Everything in the universe, from the smallest fern leaf to global financial exchanges, is just equilibrium. Everything is based on a certain form of balance, even if it is minimal. The more secure a medium is, the less profitable it will be. So if the gains and returns from cryptocurrencies can be very large, the risks will probably be large on the other side as well… It’s a matter of balance. We cannot forget that the cryptocurrency market is still developing.
Disadvantages of using cryptocurrencies
The digital currency continues to develop strongly, however, it still has drawbacks in its use, among which we can mention:
irreversible payments
Due to their nature and the principle of irreversibility that governs them, any error that occurs when transferring a certain amount of digital currencies is impossible to change or correct. In other words, if an error is made regarding the amount to be transferred or the recipient who is the object of the transfer, it will simply remain that way. Without a doubt, this is one of the biggest drawbacks of using cryptocurrencies. In fact, the only possible way to correct the situation is for the person who receives the import by mistake to return it and then redo the transfer with the correct data.
Not a universally accepted payment method
Despite the rapid growth and boom with which these relatively new digital assets have been developed, there is still a large commercial sector where they are still not accepted. Many physical stores do not know or are not able to accept payments in cryptocurrencies. Also, the number of websites and companies that trade digital currencies is not big enough. If you want to make online purchases with digital currencies, you must first identify the vendors that accept them.
Principal Loss Risk
Cryptocurrencies, regardless of their type, are store in a personal digital wallet of each user. This wallet is protected by blockchain technology. As well as a secret entry key held solely and exclusively by the owner of the crypto. However, if the wallet is lost for any reason internal or external to the computer system where it is host, the loss of the assets is final. There is no way to recover lost digital currencies.
Exposure to scams
Another inconvenience that the use of cryptocurrencies entails is associate with being a victim of theft or scams. Even though blockchain technology is consider the most secure yet, it cannot anticipate or prevent mistakes by its users. In other words, if a user’s private key is accidentally in someone else’s possession, it could be use for theft or fraud. Another case where the holder’s capital loss is definitive.
high volatility
Although perhaps for some optimists high volatility only represents an advantage to their investments, the reality is that it also represents a serious drawback. It is undeniable that thanks to this high volatility, the value of cryptocurrencies such as Bitcoin has skyrocketed on many occasions. However, it is no less true that it has also suffered serious falls or drops in its valuation that has caused the ruin of many. For this reason, cryptocurrencies are not consider a reliable trading currency.

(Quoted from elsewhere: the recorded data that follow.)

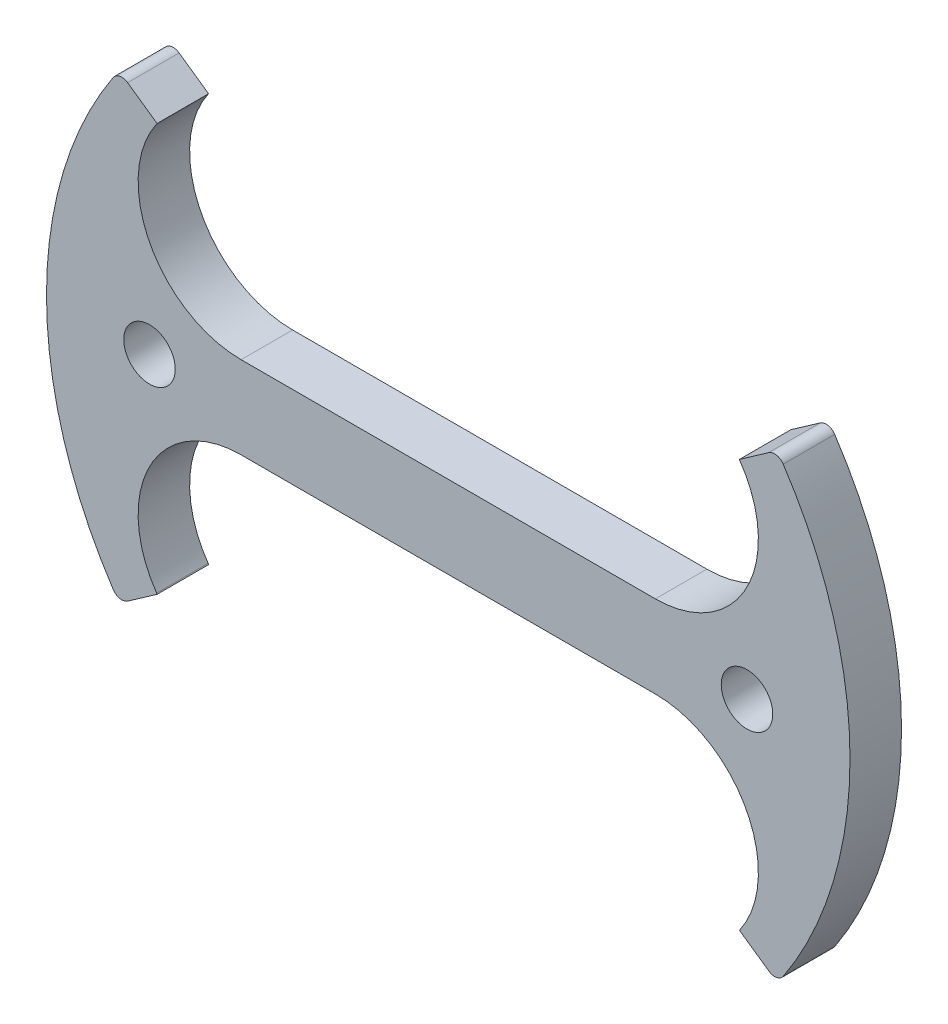
SolidWorks part; units mm, degrees
material "6061-T6 (SS)"
ref_plane "Front Plane" through (0, 0, 0) normal (0, 0, 1) x (1, 0, 0)
ref_plane "Top Plane" through (0, 0, 0) normal (0, 1, 0) x (1, 0, 0)
ref_plane "Right Plane" through (0, 0, 0) normal (1, 0, 0) x (0, 0, -1)
sketch "Sketch1" plane through (0, 0, 0) normal (0, 0, 1) x (1, 0, 0)
  line L0 (-43.5195, 5.08) -> (43.5195, 5.08)
  line L4 (-43.5195, -5.08) -> (43.5195, -5.08)
  circle A0 centre (0, 0) radius 49.53
  arc A3 (-43.5195, -5.08) -> (43.5195, -5.08) centre (0, 0) ccw
  arc A4 (43.5195, 5.08) -> (-43.5195, 5.08) centre (0, 0) ccw
  dimension "D1" = 99.06
  dimension "D2" = 87.63
  dimension "D3" = 5.08
extrude "Boss-Extrude2" add sketch "Sketch1" along normal blind 6.35
fillet "Fillet2" radius 12.7 1 edges at (43.5195, 5.08, 3.175)
fillet "Fillet3" radius 12.7 1 edges at (-43.5195, 5.08, 3.175)
fillet "Fillet4" radius 12.7 1 edges at (43.5195, -5.08, 3.175)
fillet "Fillet5" radius 12.7 1 edges at (-43.5195, -5.08, 3.175)
sketch "Sketch2" plane through (0, 0, 0) normal (0, 0, -1) x (-1, 0, 0)
  line L0 (-40.581, -28.3972) -> (-35.8986, -25.1206)
  line L1 (-40.5642, 28.4213) -> (-35.8837, 25.1419)
  line L2 (35.8837, -25.1419) -> (40.5642, -28.4213)
  line L3 (35.8986, 25.1206) -> (40.581, 28.3972)
  line L4 (-25.5346, -5.08) -> (25.5346, -5.08) construction
  circle A0 centre (0, 0) radius 49.53 construction
  arc A1 (-40.581, -28.3972) -> (40.5642, -28.4213) centre (0, 0) ccw
  arc A2 (40.581, 28.3972) -> (-40.5642, 28.4213) centre (0, 0) ccw
  arc A3 (35.8837, -25.1419) -> (-35.8986, -25.1206) centre (0, 0) cw
  arc A4 (-35.9569, -25.0371) -> (35.9569, -25.0371) centre (0, 0) ccw construction
  arc A5 (-35.8837, 25.1419) -> (35.8986, 25.1206) centre (0, 0) cw
  arc A6 (35.9569, 25.0371) -> (-35.9569, 25.0371) centre (0, 0) ccw construction
  point P4 (0, 0)
  point P6 (0, 0)
  point P8 (0, 0)
  point P9 (0, 0)
  point P10 (0, 0)
  point P11 (0, 0)
  point P16 (0, 0)
  dimension "D1" = 70
  dimension "D2" = 4.6073
extrude "Cut-Extrude1" cut sketch "Sketch2" against normal blind 6.35
sketch "Sketch3" plane through (0, 0, 0) normal (0, 0, -1) x (-1, 0, 0)
  circle A0 centre (-36.83, 0) radius 3.175
  circle A2 centre (36.83, 0) radius 3.175
  dimension "D1" = 6.35
  dimension "D2" = 36.83
  dimension "D3" = 36.83
extrude "Cut-Extrude2" cut sketch "Sketch3" against normal blind 6.35
fillet "Fillet6" radius 1.27 1 edges at (-40.581, 28.3972, 3.175)
fillet "Fillet7" radius 1.27 1 edges at (-40.5642, -28.4213, 3.175)
fillet "Fillet8" radius 1.27 1 edges at (40.581, -28.3972, 3.175)
fillet "Fillet9" radius 1.27 1 edges at (40.5642, 28.4213, 3.175)
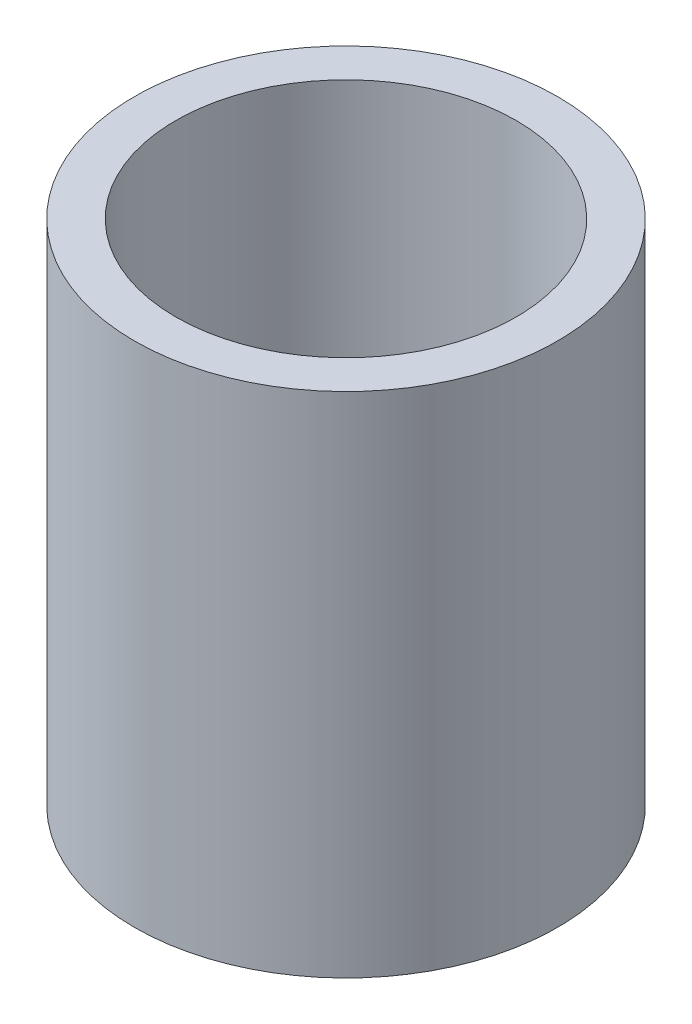
SolidWorks part; units mm, degrees
ref_plane "Front Plane" through (0, 0, 0) normal (0, 0, 1) x (1, 0, 0)
ref_plane "Top Plane" through (0, 0, 0) normal (0, 1, 0) x (1, 0, 0)
ref_plane "Right Plane" through (0, 0, 0) normal (1, 0, 0) x (0, 0, -1)
sketch "Sketch1" plane through (0, 0, 0) normal (0, 1, 0) x (1, 0, 0)
  circle A0 centre (0, 0) radius 12.7699
  circle A1 centre (0, 0) radius 15.875
  dimension "D1" = 25.5397
  dimension "D2" = 31.75
extrude "Extrude1" add sketch "Sketch1" along normal blind 38.1
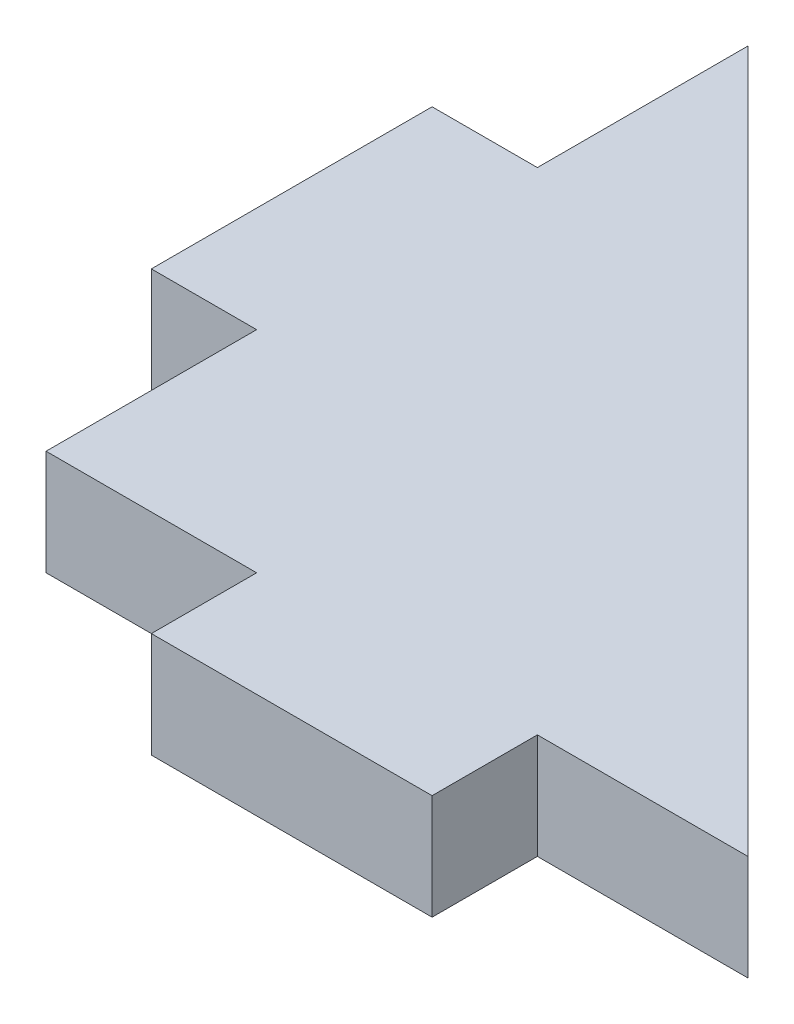
SolidWorks part; units mm, degrees
ref_plane "Alzado" through (0, 0, 0) normal (0, 0, 1) x (1, 0, 0)
ref_plane "Planta" through (0, 0, 0) normal (0, 1, 0) x (1, 0, 0)
ref_plane "Vista lateral" through (0, 0, 0) normal (1, 0, 0) x (0, 0, -1)
sketch "Croquis1" plane through (0, 0, 0) normal (0, 1, 0) x (1, 0, 0)
  line L0 (0, 0) -> (6, 0)
  line L1 (0, 0) -> (0, 6)
  line L2 (0, 20) -> (20, 0)
  line L3 (10, -3) -> (6, -3)
  line L4 (6, -3) -> (6, 0)
  line L5 (10, -3) -> (14, -3)
  line L6 (14, -3) -> (14, 0)
  line L7 (0, 14) -> (0, 20)
  line L8 (-3, 10) -> (-3, 14)
  line L9 (-3, 14) -> (0, 14)
  line L10 (-3, 10) -> (-3, 6)
  line L11 (-3, 6) -> (0, 6)
  line L12 (14, 0) -> (20, 0)
  dimension "D1" = 20
  dimension "D2" = 20
  dimension "D3" = 4
  dimension "D5" = 4
  dimension "D6" = 4
  dimension "D7" = 4
extrude "Saliente-Extruir1" add sketch "Croquis1" along normal blind 3
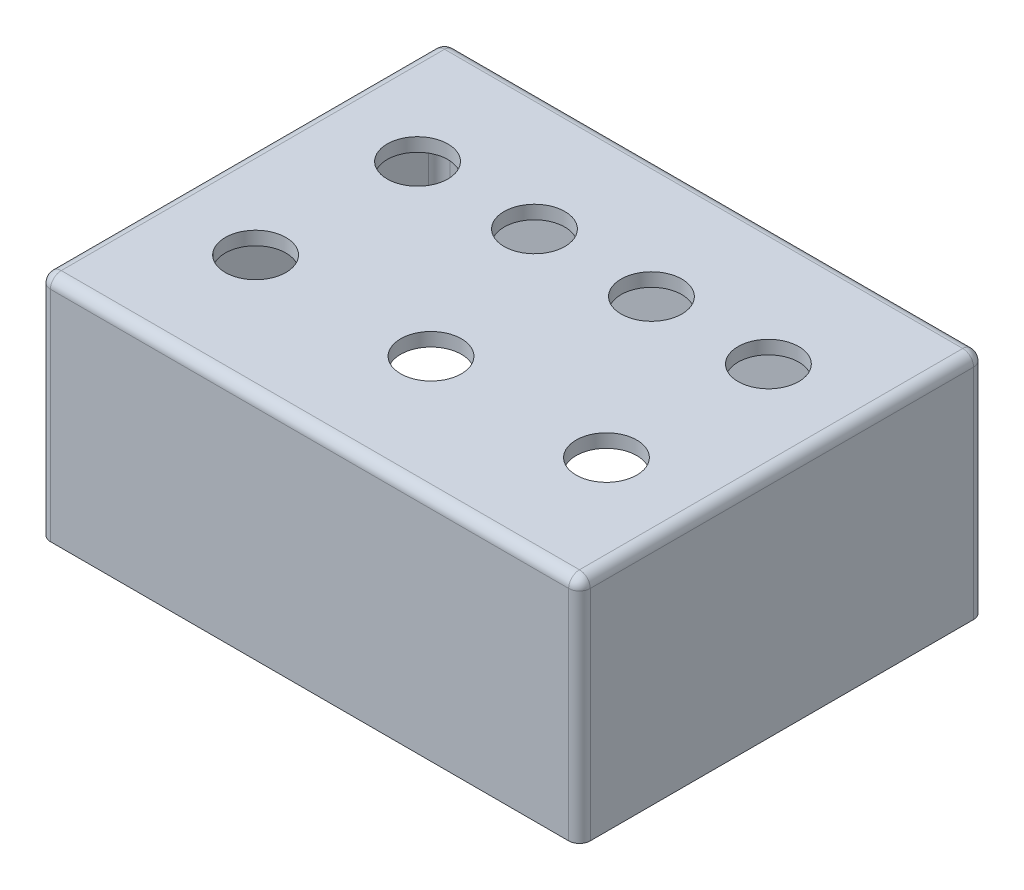
SolidWorks part; units mm, degrees
ref_plane "Plano frontal" through (0, 0, 0) normal (0, 0, 1) x (1, 0, 0)
ref_plane "Plano superior" through (0, 0, 0) normal (0, 1, 0) x (1, 0, 0)
ref_plane "Plano direito" through (0, 0, 0) normal (1, 0, 0) x (0, 0, -1)
sketch "Esboço1" plane through (0, 0, 0) normal (0, 1, 0) x (1, 0, 0)
  line L1 (100, -75) -> (-100, -75)
  line L2 (100, -75) -> (100, 75)
  line L3 (100, 75) -> (-100, 75)
  line L4 (-100, -75) -> (-100, 75)
  line L5 (100, -75) -> (-100, 75) construction
  line L6 (100, 75) -> (-100, -75) construction
  point P0 (0, 0)
  dimension "D1" = 200
  dimension "D2" = 150
extrude "Ressalto-extrusão1" add sketch "Esboço1" along normal blind 5
sketch "Esboço2" plane through (0, 0, 0) normal (0, -1, 0) x (1, 0, 0)
  line L0 (100, -75) -> (-100, -75) construction
  line L1 (-100, 75) -> (-97, 75)
  line L2 (-100, 75) -> (-100, -75)
  line L3 (-100, -75) -> (-97, -75)
  line L4 (-97, 75) -> (-97, -75)
  line L6 (100, 75) -> (97, 75)
  line L7 (100, 75) -> (100, -75)
  line L8 (100, -75) -> (97, -75)
  line L9 (97, 75) -> (97, -75)
  dimension "D1" = 3
extrude "Ressalto-extrusão2" add sketch "Esboço2" along normal blind 80
sketch "Esboço3" plane through (0, 5, 0) normal (0, 1, 0) x (1, 0, 0)
  line L0 (-100, 30) -> (-65, 30) construction
  line L1 (100, 75) -> (-100, 75) construction
  line L2 (-100, -75) -> (100, -75) construction
  line L3 (-100, 75) -> (-100, -75) construction
  line L4 (-65, 30) -> (-21.6667, 30) construction
  line L5 (-21.6667, 30) -> (21.6667, 30) construction
  line L6 (21.6667, 30) -> (65, 30) construction
  line L7 (65, 30) -> (100, 30) construction
  line L10 (100, -75) -> (100, 75) construction
  line L11 (-100, -30) -> (-65, -30) construction
  line L13 (-65, -30) -> (0, -30) construction
  line L16 (0, -30) -> (65, -30) construction
  line L17 (65, -30) -> (100, -30) construction
  circle A0 centre (-65, 30) radius 11.25
  circle A1 centre (-21.6667, 30) radius 11.25
  circle A2 centre (21.6667, 30) radius 11.25
  circle A3 centre (65, 30) radius 11.25
  circle A4 centre (-65, -30) radius 11.25
  circle A5 centre (0, -30) radius 11.25
  circle A6 centre (65, -30) radius 11.25
  point P26 (0, 0)
  point P27 (0, 0)
  point P28 (65, 40)
  dimension "D1" = 35
  dimension "D3" = 22.5
  dimension "D2" = 45
  dimension "D4" = 45
  dimension "D5" = 35
extrude "Corte-extrusão1" cut sketch "Esboço3" against normal up to surface (5 mm away) up to face at (0, 0, 0)
sketch "Esboço6" plane through (0, 0, 0) normal (0, -1, 0) x (1, 0, 0)
  line L0 (-97, -75) -> (-97, 75) construction
  line L1 (-97, -70) -> (97, -70)
  line L2 (-97, -70) -> (-97, -75)
  line L3 (-97, -75) -> (97, -75)
  line L4 (97, -70) -> (97, -75)
  line L5 (97, 75) -> (97, -75) construction
  line L6 (-97, 75) -> (97, 75)
  line L7 (-97, 75) -> (-97, 70)
  line L8 (-97, 70) -> (97, 70)
  line L9 (97, 75) -> (97, 70)
  dimension "D1" = 5
  dimension "D2" = 5
extrude "Ressalto-extrusão3" add sketch "Esboço6" along normal blind 80
fillet "Filete2" radius 4 8 edges at (100, -37.5, -75) (100, -37.5, 75) (100, 5, 0) (0, 5, 75) (-100, -37.5, 75) (-100, 5, 0) (0, 5, -75) (-100, -37.5, -75)
fillet "Filete3" radius 4 8 edges at (-97, -40, -70) (97, -40, 70) (97, -40, -70) (0, 0, -70) (97, 0, 0) (0, 0, 70) (-97, 0, 0) (-97, -40, 70)
sketch "Esboço10" plane through (0, 0, 75) normal (0, 0, 1) x (1, 0, 0)
sketch "Esboço12" plane through (0, 0, -75) normal (0, 0, -1) x (-1, 0, 0)
  circle A0 centre (0, -55.4447) radius 14.2293
  point P2 (0, -55.4447)
  point P3 (0, 0)
extrude "Corte-extrusão3" cut sketch "Esboço12" against normal up to surface (5 mm away) contours A0 up to face at (0, -42, -70)
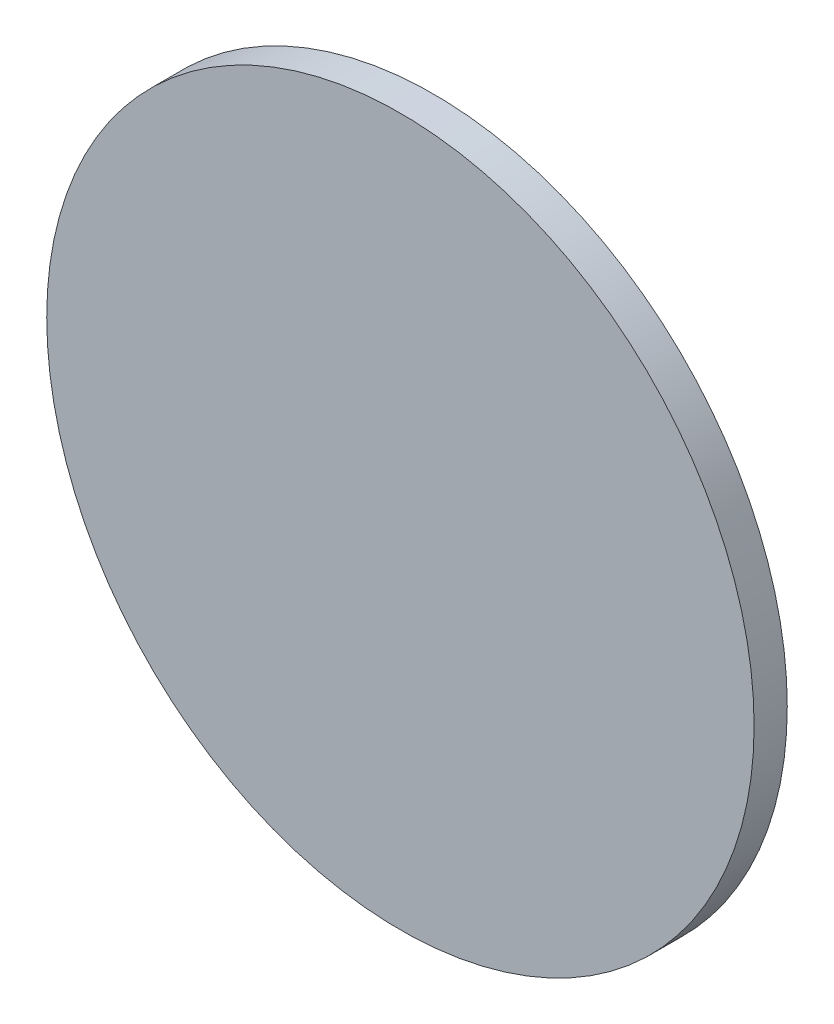
SolidWorks part; units mm, degrees
ref_plane "前视基准面" through (0, 0, 0) normal (0, 0, 1) x (1, 0, 0)
ref_plane "上视基准面" through (0, 0, 0) normal (0, 1, 0) x (1, 0, 0)
ref_plane "右视基准面" through (0, 0, 0) normal (1, 0, 0) x (0, 0, -1)
sketch "草图2" plane through (0, 0, 0) normal (0, 0, 1) x (1, 0, 0)
  circle A0 centre (0, 0) radius 16
  dimension "D1" = 32
extrude "凸台-拉伸1" add sketch "草图2" along normal blind 1.5
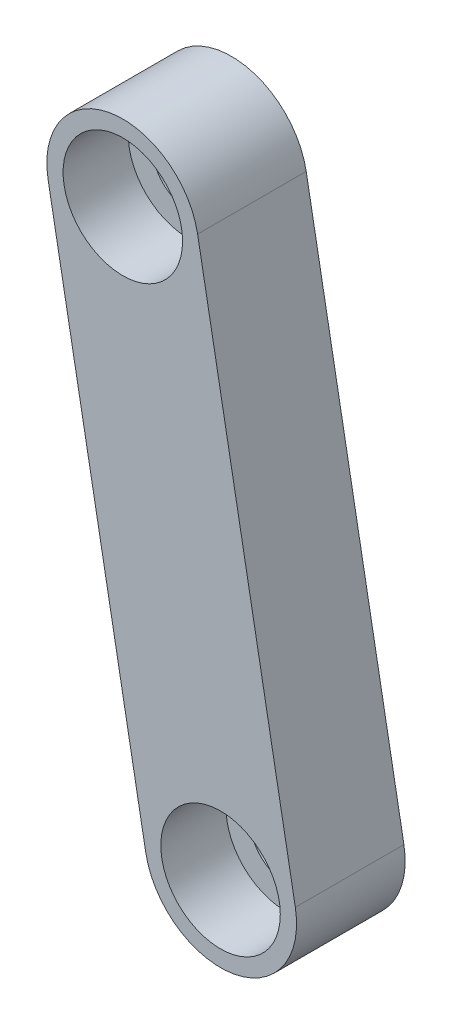
SolidWorks part; units mm, degrees
ref_plane "Front Plane" through (0, 0, 0) normal (0, 0, 1) x (1, 0, 0)
ref_plane "Top Plane" through (0, 0, 0) normal (0, 1, 0) x (1, 0, 0)
ref_plane "Right Plane" through (0, 0, 0) normal (1, 0, 0) x (0, 0, -1)
sketch "Sketch1" plane through (0, 0, 0) normal (0, 0, 1) x (1, 0, 0)
  line L0 (-14.5518, 56.1792) -> (-10.0535, 31.5873)
  line L1 (-3.1671, 32.847) -> (-7.6661, 57.4388)
  arc A0 (-10.0535, 31.5873) -> (-3.1671, 32.847) centre (-6.6103, 32.2172) ccw
  arc A1 (-7.6661, 57.4388) -> (-14.5518, 56.1792) centre (-11.1089, 56.809) ccw
  circle A2 centre (-6.61, 32.2171) radius 1.625
  circle A4 centre (-11.1089, 56.809) radius 1.625
extrude "Boss-Extrude1" add sketch "Sketch1" along normal blind 5
sketch "Sketch2" plane through (0, 0, 5) normal (0, 0, 1) x (1, 0, 0)
  circle A0 centre (-11.1089, 56.809) radius 2.75
  circle A1 centre (-6.61, 32.2171) radius 2.75
extrude "Cut-Extrude1" cut sketch "Sketch2" against normal blind 3

Lack of institutional framework
One of the main disadvantages of cryptocurrencies, for a large part of the users of these digital assets, is that both their issuance (mining) and their circulation do not have any control by a government or central bank. However, today many agree that central banks should somehow regulate cryptocurrency transactions, and provide an institutional framework that regulates the operations of the digital asset market.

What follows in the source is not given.